Brasil

A faxina

Presidente faz mudanças em cargos estratégicos pensando em uma equipe mais alinhada ao discurso do capitão: uma verdadeira limpeza na máquina

Crédito: Divulgação

Em menos de seis meses, o presidente Jair Bolsonaro promoveu uma limpa no governo: demitiu seis chefes de ministérios, empresas públicas e órgãos ligados à administração federal. Não por indícios de corrupção como aconteceu no início do governo Dilma Rousseff (PT), mas por falta de afinidade ideológica ou administrativa. Até o momento, já foram alvo da faxina bolsonarista o ex-ministro da Secretaria de Governo Santos Cruz, o ex-presidente do BNDES Joaquim Levy, os generais Franklimberg Ribeiro de Freitas, ex-presidente da Funai, e Juarez da Paula Cunha, ex-presidente dos Correios – além do ex-Secretário-Geral da Presidência Gustavo Bebianno e o ex-ministro da Educação Ricardo Vélez Rodrigues. A maioria deles, amigos de farda do presidente, o que mostra que o capitão não tem levado em consideração nem mesmo à hierarquia militar para por em ação sua vassoura saneadora. Em todos os casos houve um similar método de fritura, atingindo inclusive pessoas indicadas pelo próprio presidente, como o próprio Santos Cruz. Na prática, Bolsonaro emitiu um claro recado aos demais integrantes do governo: não existe ministro indemissível e a tal carta branca franqueada pelo presidente no início do mandato era, na realidade, de outra cor.

“Não aceito traição”

Bolsonaro parece exercitar o seu lado militar, estilo “preto no branco”, ao definir quem vai seguir ou não com ele até o fim do governo. De acordo com auxiliares do Planalto, o presidente tem sido bem pragmático ao tratar do tema: não vai tolerar mais qualquer tipo de flerte de seus ministros com a chamada velha política, em tentativas de conchavos que ele considere pouco republicanos. Não que estes ministros tivessem algum envolvimento com esquemas de corrupção, mas todos perderam os empregos quando o presidente teve conhecimento de que eles estavam articulando ações contrárias às que ele pregou na campanha. “Não aceito traição no meu governo”, disse o presidente Bolsonaro em recente reunião.
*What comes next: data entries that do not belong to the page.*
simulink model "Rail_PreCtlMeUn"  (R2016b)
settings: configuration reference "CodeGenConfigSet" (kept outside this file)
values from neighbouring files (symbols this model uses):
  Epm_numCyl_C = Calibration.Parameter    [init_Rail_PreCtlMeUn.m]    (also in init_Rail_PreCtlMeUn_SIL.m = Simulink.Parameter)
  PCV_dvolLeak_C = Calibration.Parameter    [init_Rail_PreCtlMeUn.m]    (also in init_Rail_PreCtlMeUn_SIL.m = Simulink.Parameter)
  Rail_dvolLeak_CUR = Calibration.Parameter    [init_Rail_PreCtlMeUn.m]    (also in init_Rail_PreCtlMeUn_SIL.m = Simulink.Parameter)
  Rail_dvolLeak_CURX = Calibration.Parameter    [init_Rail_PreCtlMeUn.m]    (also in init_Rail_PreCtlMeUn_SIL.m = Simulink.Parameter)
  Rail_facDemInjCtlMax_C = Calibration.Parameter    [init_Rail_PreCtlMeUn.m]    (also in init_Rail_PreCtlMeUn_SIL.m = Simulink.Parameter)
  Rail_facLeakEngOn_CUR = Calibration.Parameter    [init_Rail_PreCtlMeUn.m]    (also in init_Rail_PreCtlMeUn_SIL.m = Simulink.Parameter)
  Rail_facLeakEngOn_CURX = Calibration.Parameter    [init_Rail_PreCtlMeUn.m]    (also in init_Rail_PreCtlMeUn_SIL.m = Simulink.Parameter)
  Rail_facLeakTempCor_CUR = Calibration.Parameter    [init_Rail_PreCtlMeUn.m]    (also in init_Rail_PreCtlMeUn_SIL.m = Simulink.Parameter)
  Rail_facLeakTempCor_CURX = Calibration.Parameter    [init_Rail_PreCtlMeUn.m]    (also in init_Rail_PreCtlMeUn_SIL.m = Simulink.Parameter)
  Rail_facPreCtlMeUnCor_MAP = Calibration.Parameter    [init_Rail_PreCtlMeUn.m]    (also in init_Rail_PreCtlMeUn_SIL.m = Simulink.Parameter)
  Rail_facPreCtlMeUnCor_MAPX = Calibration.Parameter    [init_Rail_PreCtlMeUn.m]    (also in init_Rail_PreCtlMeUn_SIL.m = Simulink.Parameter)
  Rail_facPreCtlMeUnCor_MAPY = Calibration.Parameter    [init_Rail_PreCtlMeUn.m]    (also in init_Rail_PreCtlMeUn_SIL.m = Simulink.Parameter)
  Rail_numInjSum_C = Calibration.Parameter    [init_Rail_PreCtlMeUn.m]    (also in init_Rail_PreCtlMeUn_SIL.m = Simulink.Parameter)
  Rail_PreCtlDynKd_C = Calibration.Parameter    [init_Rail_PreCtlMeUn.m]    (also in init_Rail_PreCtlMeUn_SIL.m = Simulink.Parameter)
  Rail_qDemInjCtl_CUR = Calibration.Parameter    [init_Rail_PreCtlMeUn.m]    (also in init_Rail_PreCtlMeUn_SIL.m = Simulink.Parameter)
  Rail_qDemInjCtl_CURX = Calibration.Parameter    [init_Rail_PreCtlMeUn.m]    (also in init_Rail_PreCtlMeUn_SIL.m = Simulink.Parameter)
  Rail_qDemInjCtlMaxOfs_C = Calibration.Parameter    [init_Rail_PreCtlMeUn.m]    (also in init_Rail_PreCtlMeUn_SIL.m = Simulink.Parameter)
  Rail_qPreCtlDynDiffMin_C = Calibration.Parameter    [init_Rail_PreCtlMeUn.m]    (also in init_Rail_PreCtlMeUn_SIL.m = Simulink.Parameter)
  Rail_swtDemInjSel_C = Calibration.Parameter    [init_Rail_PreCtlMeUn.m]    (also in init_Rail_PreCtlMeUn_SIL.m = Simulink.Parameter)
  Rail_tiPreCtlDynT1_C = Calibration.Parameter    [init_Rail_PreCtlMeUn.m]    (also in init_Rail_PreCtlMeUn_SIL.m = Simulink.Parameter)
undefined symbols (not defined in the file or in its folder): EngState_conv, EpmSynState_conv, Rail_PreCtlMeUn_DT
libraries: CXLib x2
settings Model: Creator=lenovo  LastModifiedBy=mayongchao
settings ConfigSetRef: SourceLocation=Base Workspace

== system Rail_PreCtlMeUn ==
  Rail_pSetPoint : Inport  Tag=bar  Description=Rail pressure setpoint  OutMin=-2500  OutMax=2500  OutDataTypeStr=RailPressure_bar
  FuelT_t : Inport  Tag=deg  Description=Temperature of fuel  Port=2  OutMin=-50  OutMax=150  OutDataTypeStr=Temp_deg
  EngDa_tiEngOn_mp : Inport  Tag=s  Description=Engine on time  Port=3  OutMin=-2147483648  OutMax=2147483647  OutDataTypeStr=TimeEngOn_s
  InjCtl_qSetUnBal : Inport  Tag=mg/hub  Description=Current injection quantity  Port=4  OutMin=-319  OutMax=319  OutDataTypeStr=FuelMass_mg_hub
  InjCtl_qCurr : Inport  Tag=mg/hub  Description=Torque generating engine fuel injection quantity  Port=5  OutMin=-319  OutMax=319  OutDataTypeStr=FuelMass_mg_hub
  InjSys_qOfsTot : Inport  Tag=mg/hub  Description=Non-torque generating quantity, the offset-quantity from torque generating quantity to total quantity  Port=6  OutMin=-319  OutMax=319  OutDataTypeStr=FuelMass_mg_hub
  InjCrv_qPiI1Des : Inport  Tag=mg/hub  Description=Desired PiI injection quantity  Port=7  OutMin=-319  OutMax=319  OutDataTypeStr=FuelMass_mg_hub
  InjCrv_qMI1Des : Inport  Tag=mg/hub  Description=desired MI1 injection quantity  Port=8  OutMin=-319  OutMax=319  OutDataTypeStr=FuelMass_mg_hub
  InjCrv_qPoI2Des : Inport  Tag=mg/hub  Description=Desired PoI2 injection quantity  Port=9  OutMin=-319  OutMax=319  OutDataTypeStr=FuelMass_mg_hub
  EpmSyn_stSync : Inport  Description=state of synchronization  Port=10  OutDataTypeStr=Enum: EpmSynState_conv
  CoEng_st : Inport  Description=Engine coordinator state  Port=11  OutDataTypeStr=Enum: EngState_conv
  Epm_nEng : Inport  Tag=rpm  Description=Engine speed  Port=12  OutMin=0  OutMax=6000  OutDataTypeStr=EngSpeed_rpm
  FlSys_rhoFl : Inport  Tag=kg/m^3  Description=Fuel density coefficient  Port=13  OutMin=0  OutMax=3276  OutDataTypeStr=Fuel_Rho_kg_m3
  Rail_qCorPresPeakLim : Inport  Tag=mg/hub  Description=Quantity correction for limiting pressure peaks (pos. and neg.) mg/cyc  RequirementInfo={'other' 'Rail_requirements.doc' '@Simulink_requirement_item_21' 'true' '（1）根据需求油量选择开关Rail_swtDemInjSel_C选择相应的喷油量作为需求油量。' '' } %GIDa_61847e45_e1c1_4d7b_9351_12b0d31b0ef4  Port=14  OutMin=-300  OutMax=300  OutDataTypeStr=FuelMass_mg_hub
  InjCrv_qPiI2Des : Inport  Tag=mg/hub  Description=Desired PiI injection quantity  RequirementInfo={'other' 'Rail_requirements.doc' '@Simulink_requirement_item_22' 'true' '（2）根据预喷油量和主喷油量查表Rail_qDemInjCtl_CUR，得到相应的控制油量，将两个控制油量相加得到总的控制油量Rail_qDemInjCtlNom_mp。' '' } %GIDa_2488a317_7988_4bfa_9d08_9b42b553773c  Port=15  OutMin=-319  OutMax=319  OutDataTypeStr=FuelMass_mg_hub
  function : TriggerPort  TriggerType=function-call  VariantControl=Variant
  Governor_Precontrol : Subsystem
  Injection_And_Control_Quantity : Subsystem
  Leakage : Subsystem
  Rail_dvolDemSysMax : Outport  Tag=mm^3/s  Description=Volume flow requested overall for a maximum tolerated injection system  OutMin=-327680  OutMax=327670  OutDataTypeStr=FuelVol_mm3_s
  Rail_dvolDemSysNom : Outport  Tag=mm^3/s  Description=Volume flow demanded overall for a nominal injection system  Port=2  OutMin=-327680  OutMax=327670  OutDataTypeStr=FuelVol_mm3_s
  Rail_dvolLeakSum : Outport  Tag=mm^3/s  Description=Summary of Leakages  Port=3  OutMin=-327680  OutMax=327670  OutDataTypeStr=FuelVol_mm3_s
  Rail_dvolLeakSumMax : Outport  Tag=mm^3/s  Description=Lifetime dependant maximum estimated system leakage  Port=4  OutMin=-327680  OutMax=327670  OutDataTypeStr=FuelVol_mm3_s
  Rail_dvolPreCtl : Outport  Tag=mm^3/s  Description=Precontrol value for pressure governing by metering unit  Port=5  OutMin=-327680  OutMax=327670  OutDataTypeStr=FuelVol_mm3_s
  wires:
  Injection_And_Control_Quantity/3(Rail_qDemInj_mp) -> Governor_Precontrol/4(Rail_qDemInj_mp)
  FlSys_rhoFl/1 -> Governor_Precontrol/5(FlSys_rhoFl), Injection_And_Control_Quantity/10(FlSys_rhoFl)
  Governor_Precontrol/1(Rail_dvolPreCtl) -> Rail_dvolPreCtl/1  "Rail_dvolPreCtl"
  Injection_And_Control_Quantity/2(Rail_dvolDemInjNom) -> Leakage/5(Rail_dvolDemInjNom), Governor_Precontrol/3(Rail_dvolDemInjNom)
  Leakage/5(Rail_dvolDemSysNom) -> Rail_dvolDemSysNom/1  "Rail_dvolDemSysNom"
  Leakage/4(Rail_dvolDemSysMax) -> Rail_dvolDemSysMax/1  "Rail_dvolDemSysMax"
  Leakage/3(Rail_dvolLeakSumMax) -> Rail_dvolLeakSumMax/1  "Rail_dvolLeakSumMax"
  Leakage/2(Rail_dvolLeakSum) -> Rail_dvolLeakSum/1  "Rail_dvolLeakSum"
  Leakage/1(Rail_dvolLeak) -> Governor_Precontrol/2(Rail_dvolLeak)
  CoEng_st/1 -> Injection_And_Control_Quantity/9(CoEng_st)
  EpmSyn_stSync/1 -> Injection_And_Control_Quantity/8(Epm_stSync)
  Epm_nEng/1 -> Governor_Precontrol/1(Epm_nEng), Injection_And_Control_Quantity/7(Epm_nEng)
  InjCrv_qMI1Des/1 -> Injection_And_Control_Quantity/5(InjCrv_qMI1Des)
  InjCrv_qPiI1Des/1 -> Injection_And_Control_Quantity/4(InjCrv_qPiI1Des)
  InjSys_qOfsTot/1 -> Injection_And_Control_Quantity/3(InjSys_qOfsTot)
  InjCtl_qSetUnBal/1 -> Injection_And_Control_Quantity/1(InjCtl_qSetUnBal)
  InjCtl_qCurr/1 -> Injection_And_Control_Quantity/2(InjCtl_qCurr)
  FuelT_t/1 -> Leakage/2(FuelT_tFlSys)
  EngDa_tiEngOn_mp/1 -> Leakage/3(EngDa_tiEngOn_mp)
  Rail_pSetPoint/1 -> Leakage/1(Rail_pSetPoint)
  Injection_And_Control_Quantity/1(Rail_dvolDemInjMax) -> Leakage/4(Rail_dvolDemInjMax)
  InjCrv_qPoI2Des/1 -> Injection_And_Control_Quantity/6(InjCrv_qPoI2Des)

De todas essas exonerações, as de Santos Cruz, Joaquim Levy e Bebianno talvez tenham sido as mais simbólicas nessa linha. Embora amigo de Bolsonaro, Santos Cruz vinha sendo cozinhado em banho-maria há algum tempo. Pesaram contra ele os confrontos com Olavo e seu filho Carlos. O general foi acusado de ser complacente com a esquerda, atendendo parlamentares de siglas oposicionistas e também de articular acordos com integrantes da chamada “velha política”, recebendo no Palácio do Planalto integrantes de partidos como o PL, Solidariedade, DEM e PP. Além disso, bateu de frente com Carlos por causa das verbas de publicidade do governo.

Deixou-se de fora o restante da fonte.